Items from a dataset:

================

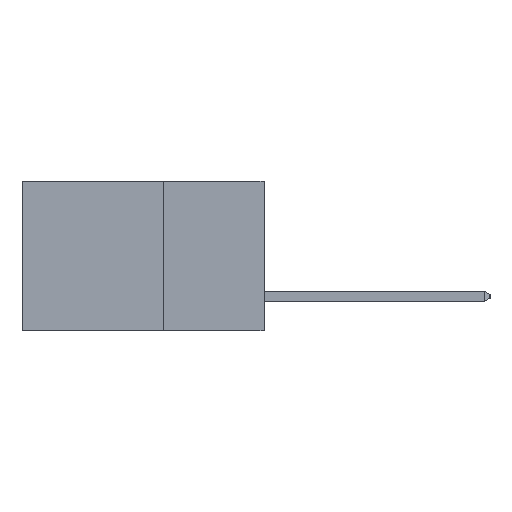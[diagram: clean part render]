
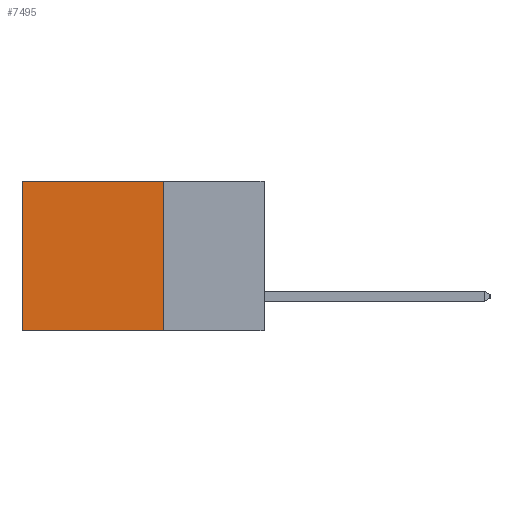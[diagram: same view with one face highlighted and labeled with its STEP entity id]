
A CAD part, left-side view. The second image highlights one B-rep face of the part: STEP entity #7495.
In plain terms, the highlighted planar face has unit normal (-1, 0, 0).
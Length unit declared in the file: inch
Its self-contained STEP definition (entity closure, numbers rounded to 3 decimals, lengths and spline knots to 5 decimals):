
#118 = DIRECTION ( 'NONE',  ( 0., 1., 0. ) ) ;
#304 = PLANE ( 'NONE',  #1949 ) ;
#531 = LINE ( 'NONE', #7403, #9600 ) ;
#848 = CARTESIAN_POINT ( 'NONE',  ( 0.2615, 0.25, 0. ) ) ;
#1138 = VECTOR ( 'NONE', #7451, 39.37008 ) ;
#1187 = ORIENTED_EDGE ( 'NONE', *, *, #2682, .T. ) ;
#1221 = DIRECTION ( 'NONE',  ( 0., 0., -1. ) ) ;
#1269 = CARTESIAN_POINT ( 'NONE',  ( 0.2615, 0.25, -0.37 ) ) ;
#1520 = EDGE_CURVE ( 'NONE', #7689, #8449, #10950, .T. ) ;
#1949 = AXIS2_PLACEMENT_3D ( 'NONE', #3942, #6514, #1221 ) ;
#2102 = DIRECTION ( 'NONE',  ( 0., 0., -1. ) ) ;
#2682 = EDGE_CURVE ( 'NONE', #4166, #8112, #7972, .T. ) ;
#3942 = CARTESIAN_POINT ( 'NONE',  ( 0.2615, 0.25, -0.37 ) ) ;
#4166 = VERTEX_POINT ( 'NONE', #4246 ) ;
#4194 = ORIENTED_EDGE ( 'NONE', *, *, #5938, .T. ) ;
#4246 = CARTESIAN_POINT ( 'NONE',  ( 0.2615, 0.6, 0. ) ) ;
#4466 = ORIENTED_EDGE ( 'NONE', *, *, #1520, .F. ) ;
#4696 = ORIENTED_EDGE ( 'NONE', *, *, #11034, .F. ) ;
#4912 = FACE_OUTER_BOUND ( 'NONE', #8417, .T. ) ;
#5058 = CARTESIAN_POINT ( 'NONE',  ( 0.2615, 0.25, 0. ) ) ;
#5938 = EDGE_CURVE ( 'NONE', #7689, #4166, #7892, .T. ) ;
#6514 = DIRECTION ( 'NONE',  ( 1., 0., 0. ) ) ;
#6768 = VECTOR ( 'NONE', #2102, 39.37008 ) ;
#7403 = CARTESIAN_POINT ( 'NONE',  ( 0.2615, 0.25, -0.37 ) ) ;
#7451 = DIRECTION ( 'NONE',  ( 0., 1., 0. ) ) ;
#7495 = ADVANCED_FACE ( 'NONE', ( #4912 ), #304, .F. ) ;
#7689 = VERTEX_POINT ( 'NONE', #5058 ) ;
#7892 = LINE ( 'NONE', #848, #1138 ) ;
#7972 = LINE ( 'NONE', #9101, #9957 ) ;
#8112 = VERTEX_POINT ( 'NONE', #8202 ) ;
#8202 = CARTESIAN_POINT ( 'NONE',  ( 0.2615, 0.6, -0.37 ) ) ;
#8417 = EDGE_LOOP ( 'NONE', ( #1187, #4696, #4466, #4194 ) ) ;
#8449 = VERTEX_POINT ( 'NONE', #11081 ) ;
#9101 = CARTESIAN_POINT ( 'NONE',  ( 0.2615, 0.6, -0.37 ) ) ;
#9600 = VECTOR ( 'NONE', #118, 39.37008 ) ;
#9957 = VECTOR ( 'NONE', #10481, 39.37008 ) ;
#10481 = DIRECTION ( 'NONE',  ( 0., 0., -1. ) ) ;
#10950 = LINE ( 'NONE', #1269, #6768 ) ;
#11034 = EDGE_CURVE ( 'NONE', #8449, #8112, #531, .T. ) ;
#11081 = CARTESIAN_POINT ( 'NONE',  ( 0.2615, 0.25, -0.37 ) ) ;

================

Leaving out every picture, repeat exactly the lines of the records from the start through the line that has "#1520 = EDGE_CURVE".

[diagram: clean part render]
[diagram: same view with one face highlighted and labeled with its STEP entity id]
A CAD part, left-side view. The second image highlights one B-rep face of the part: STEP entity #7495.
In plain terms, the highlighted planar face has unit normal (-1, 0, 0).
Length unit declared in the file: inch
Its self-contained STEP definition (entity closure, numbers rounded to 3 decimals, lengths and spline knots to 5 decimals):
#118 = DIRECTION ( 'NONE',  ( 0., 1., 0. ) ) ;
#304 = PLANE ( 'NONE',  #1949 ) ;
#531 = LINE ( 'NONE', #7403, #9600 ) ;
#848 = CARTESIAN_POINT ( 'NONE',  ( 0.2615, 0.25, 0. ) ) ;
#1138 = VECTOR ( 'NONE', #7451, 39.37008 ) ;
#1187 = ORIENTED_EDGE ( 'NONE', *, *, #2682, .T. ) ;
#1221 = DIRECTION ( 'NONE',  ( 0., 0., -1. ) ) ;
#1269 = CARTESIAN_POINT ( 'NONE',  ( 0.2615, 0.25, -0.37 ) ) ;
#1520 = EDGE_CURVE ( 'NONE', #7689, #8449, #10950, .T. ) ;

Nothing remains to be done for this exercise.